The nature of medical support depends on the combat situation, the complicated and varied conditions under which the medical service has to work, and the peculiarities of military pathology. From this arises a need for the creative restructuring of medical science and practice to adapt them to the conditions of the military medical service, for investigating organizational forms of medical support, and for developing prophylactic and therapeutic methods that are completely consistent with the principles of the organizational development of the armed forces and that are most effective under different combat conditions.
Military medicine in its development is tending to differentiate into branches dealing with specific aspects of the theory and practice of medical support. This differentiation is due both to the growth of knowledge in the natural sciences, which has led to the progress of medicine, and to the complication of the organization of the armed forces and their technical supply; as a result of the latter, independent branches and combat arms of the armed forces have originated. The appearance of new types of weapons and means of destruction has altered the nature of military pathology and necessitated a more detailed study of it.

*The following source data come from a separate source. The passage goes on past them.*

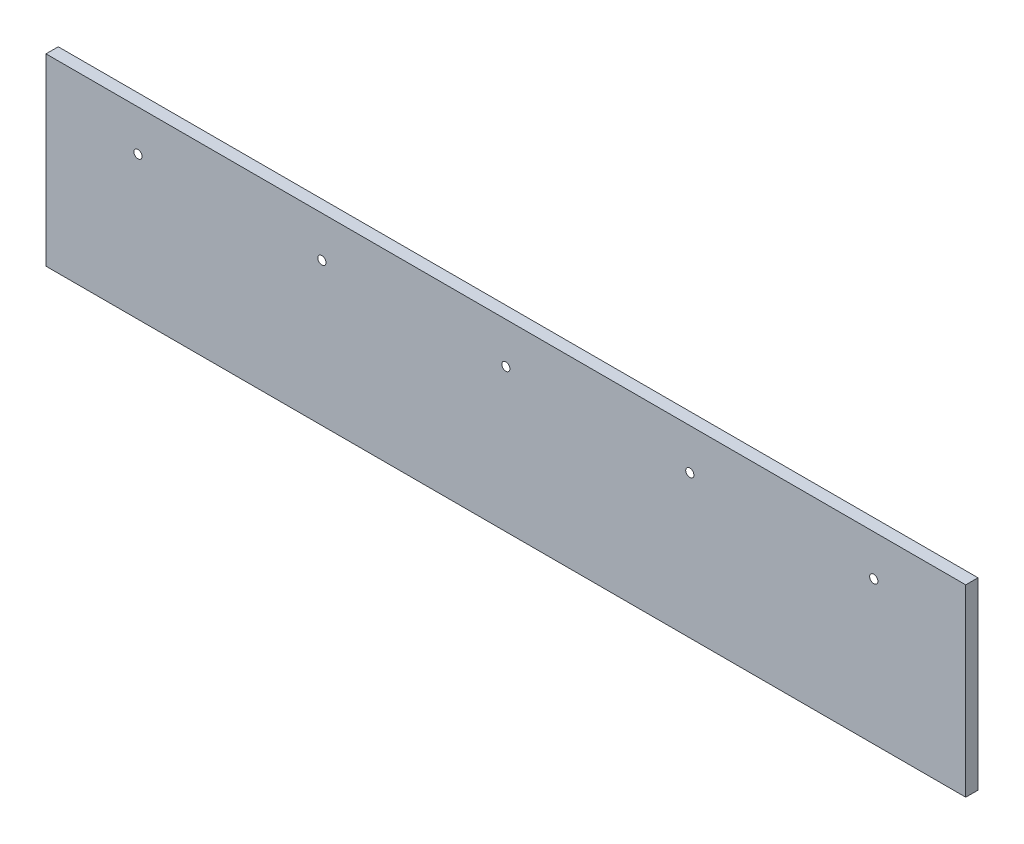
ISO-10303-21;
HEADER;
FILE_DESCRIPTION(('STEP AP214'),'2;1');
FILE_NAME('part.step','',(''),(''),'','','');
FILE_SCHEMA(('AUTOMOTIVE_DESIGN { 1 0 10303 214 1 1 1 1 }'));
ENDSEC;
DATA;
#1=APPLICATION_CONTEXT('core data for automotive mechanical design processes');
#2=APPLICATION_PROTOCOL_DEFINITION('international standard','automotive_design',2000,#1);
#3=PRODUCT_CONTEXT('',#1,'mechanical');
#4=PRODUCT('Part','Part','',(#3));
#5=PRODUCT_RELATED_PRODUCT_CATEGORY('part','',(#4));
#6=PRODUCT_DEFINITION_FORMATION('','',#4);
#7=PRODUCT_DEFINITION_CONTEXT('part definition',#1,'design');
#8=PRODUCT_DEFINITION('design','',#6,#7);
#9=PRODUCT_DEFINITION_SHAPE('','',#8);
#10=(LENGTH_UNIT() NAMED_UNIT(*) SI_UNIT(.MILLI.,.METRE.));
#11=(NAMED_UNIT(*) PLANE_ANGLE_UNIT() SI_UNIT($,.RADIAN.));
#12=(NAMED_UNIT(*) SI_UNIT($,.STERADIAN.) SOLID_ANGLE_UNIT());
#13=UNCERTAINTY_MEASURE_WITH_UNIT(LENGTH_MEASURE(1.E-05),#10,'distance_accuracy_value','');
#14=(GEOMETRIC_REPRESENTATION_CONTEXT(3) GLOBAL_UNCERTAINTY_ASSIGNED_CONTEXT((#13)) GLOBAL_UNIT_ASSIGNED_CONTEXT((#10,
#11,#12)) REPRESENTATION_CONTEXT('',''));
#15=CARTESIAN_POINT('',(0.,0.,0.));
#16=DIRECTION('',(0.,0.,1.));
#17=DIRECTION('',(1.,0.,0.));
#18=AXIS2_PLACEMENT_3D('',#15,#16,#17);
#19=CARTESIAN_POINT('',(0.,-22.5,3.));
#20=DIRECTION('',(0.,1.,0.));
#21=DIRECTION('',(0.,0.,1.));
#22=AXIS2_PLACEMENT_3D('',#19,#20,#21);
#23=PLANE('',#22);
#24=DIRECTION('',(1.,0.,0.));
#25=VECTOR('',#24,1.);
#26=CARTESIAN_POINT('',(0.,-22.5,0.));
#27=LINE('',#26,#25);
#28=CARTESIAN_POINT('',(-112.5,-22.5,0.));
#29=VERTEX_POINT('',#28);
#30=CARTESIAN_POINT('',(112.5,-22.5,0.));
#31=VERTEX_POINT('',#30);
#32=EDGE_CURVE('E106',#29,#31,#27,.T.);
#33=ORIENTED_EDGE('',*,*,#32,.T.);
#34=DIRECTION('',(0.,0.,-1.));
#35=VECTOR('',#34,1.);
#36=CARTESIAN_POINT('',(112.5,-22.5,3.));
#37=LINE('',#36,#35);
#38=CARTESIAN_POINT('',(112.5,-22.5,3.));
#39=VERTEX_POINT('',#38);
#40=EDGE_CURVE('E11',#39,#31,#37,.T.);
#41=ORIENTED_EDGE('',*,*,#40,.F.);
#42=DIRECTION('',(1.,0.,0.));
#43=VECTOR('',#42,1.);
#44=CARTESIAN_POINT('',(0.,-22.5,3.));
#45=LINE('',#44,#43);
#46=CARTESIAN_POINT('',(-112.5,-22.5,3.));
#47=VERTEX_POINT('',#46);
#48=EDGE_CURVE('E91',#47,#39,#45,.T.);
#49=ORIENTED_EDGE('',*,*,#48,.F.);
#50=DIRECTION('',(0.,0.,-1.));
#51=VECTOR('',#50,1.);
#52=CARTESIAN_POINT('',(-112.5,-22.5,3.));
#53=LINE('',#52,#51);
#54=EDGE_CURVE('E58',#47,#29,#53,.T.);
#55=ORIENTED_EDGE('',*,*,#54,.T.);
#56=EDGE_LOOP('',(#33,#41,#49,#55));
#57=FACE_BOUND('',#56,.T.);
#58=ADVANCED_FACE('F39',(#57),#23,.F.);
#59=CARTESIAN_POINT('',(112.5,0.,3.));
#60=DIRECTION('',(-1.,0.,0.));
#61=DIRECTION('',(0.,0.,1.));
#62=AXIS2_PLACEMENT_3D('',#59,#60,#61);
#63=PLANE('',#62);
#64=DIRECTION('',(0.,1.,0.));
#65=VECTOR('',#64,1.);
#66=CARTESIAN_POINT('',(112.5,0.,0.));
#67=LINE('',#66,#65);
#68=CARTESIAN_POINT('',(112.5,22.5,0.));
#69=VERTEX_POINT('',#68);
#70=EDGE_CURVE('E96',#31,#69,#67,.T.);
#71=ORIENTED_EDGE('',*,*,#70,.T.);
#72=DIRECTION('',(0.,0.,-1.));
#73=VECTOR('',#72,1.);
#74=CARTESIAN_POINT('',(112.5,22.5,3.));
#75=LINE('',#74,#73);
#76=CARTESIAN_POINT('',(112.5,22.5,3.));
#77=VERTEX_POINT('',#76);
#78=EDGE_CURVE('E49',#77,#69,#75,.T.);
#79=ORIENTED_EDGE('',*,*,#78,.F.);
#80=DIRECTION('',(0.,1.,0.));
#81=VECTOR('',#80,1.);
#82=CARTESIAN_POINT('',(112.5,0.,3.));
#83=LINE('',#82,#81);
#84=EDGE_CURVE('E83',#39,#77,#83,.T.);
#85=ORIENTED_EDGE('',*,*,#84,.F.);
#86=ORIENTED_EDGE('',*,*,#40,.T.);
#87=EDGE_LOOP('',(#71,#79,#85,#86));
#88=FACE_BOUND('',#87,.T.);
#89=ADVANCED_FACE('F95',(#88),#63,.F.);
#90=CARTESIAN_POINT('',(0.,22.5,3.));
#91=DIRECTION('',(0.,1.,0.));
#92=DIRECTION('',(0.,0.,1.));
#93=AXIS2_PLACEMENT_3D('',#90,#91,#92);
#94=PLANE('',#93);
#95=DIRECTION('',(1.,0.,0.));
#96=VECTOR('',#95,1.);
#97=CARTESIAN_POINT('',(0.,22.5,0.));
#98=LINE('',#97,#96);
#99=CARTESIAN_POINT('',(-112.5,22.5,0.));
#100=VERTEX_POINT('',#99);
#101=EDGE_CURVE('E110',#100,#69,#98,.T.);
#102=ORIENTED_EDGE('',*,*,#101,.F.);
#103=DIRECTION('',(0.,0.,-1.));
#104=VECTOR('',#103,1.);
#105=CARTESIAN_POINT('',(-112.5,22.5,3.));
#106=LINE('',#105,#104);
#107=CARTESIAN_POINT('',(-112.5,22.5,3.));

Military medicine is a highly complex and ramified body of military medical knowledge that includes medical service organization and tactics, military field surgery, military field therapeutics, military hygiene (including military epidemiology), the physiology of military work with specific reference to work of personnel in different branches and combat arms of the armed forces, aviation medicine, space medicine, medical protection against weapons of mass destruction, military medical administration, military medical supply, the history of military medicine, and military medical geography. The practical tasks of medical support of the armed forces relating to study of peculiarities of the pathology, clinical symptoms, and treatment of combat injuries and diseases in the troops gave rise to military medical branches in almost all fields of theoretical and clinical medicine, including pathological physiology, pathological anatomy, psychiatry, ophthalmology, and stomatology.
REFERENCESSolov’ev, Z. P. Voprosy voennoi meditsiny: Izbr. stat’i i rechi. Leningrad, 1955.
Ocherki istorii sovetskoi voennoi meditsiny. Leningrad, 1968.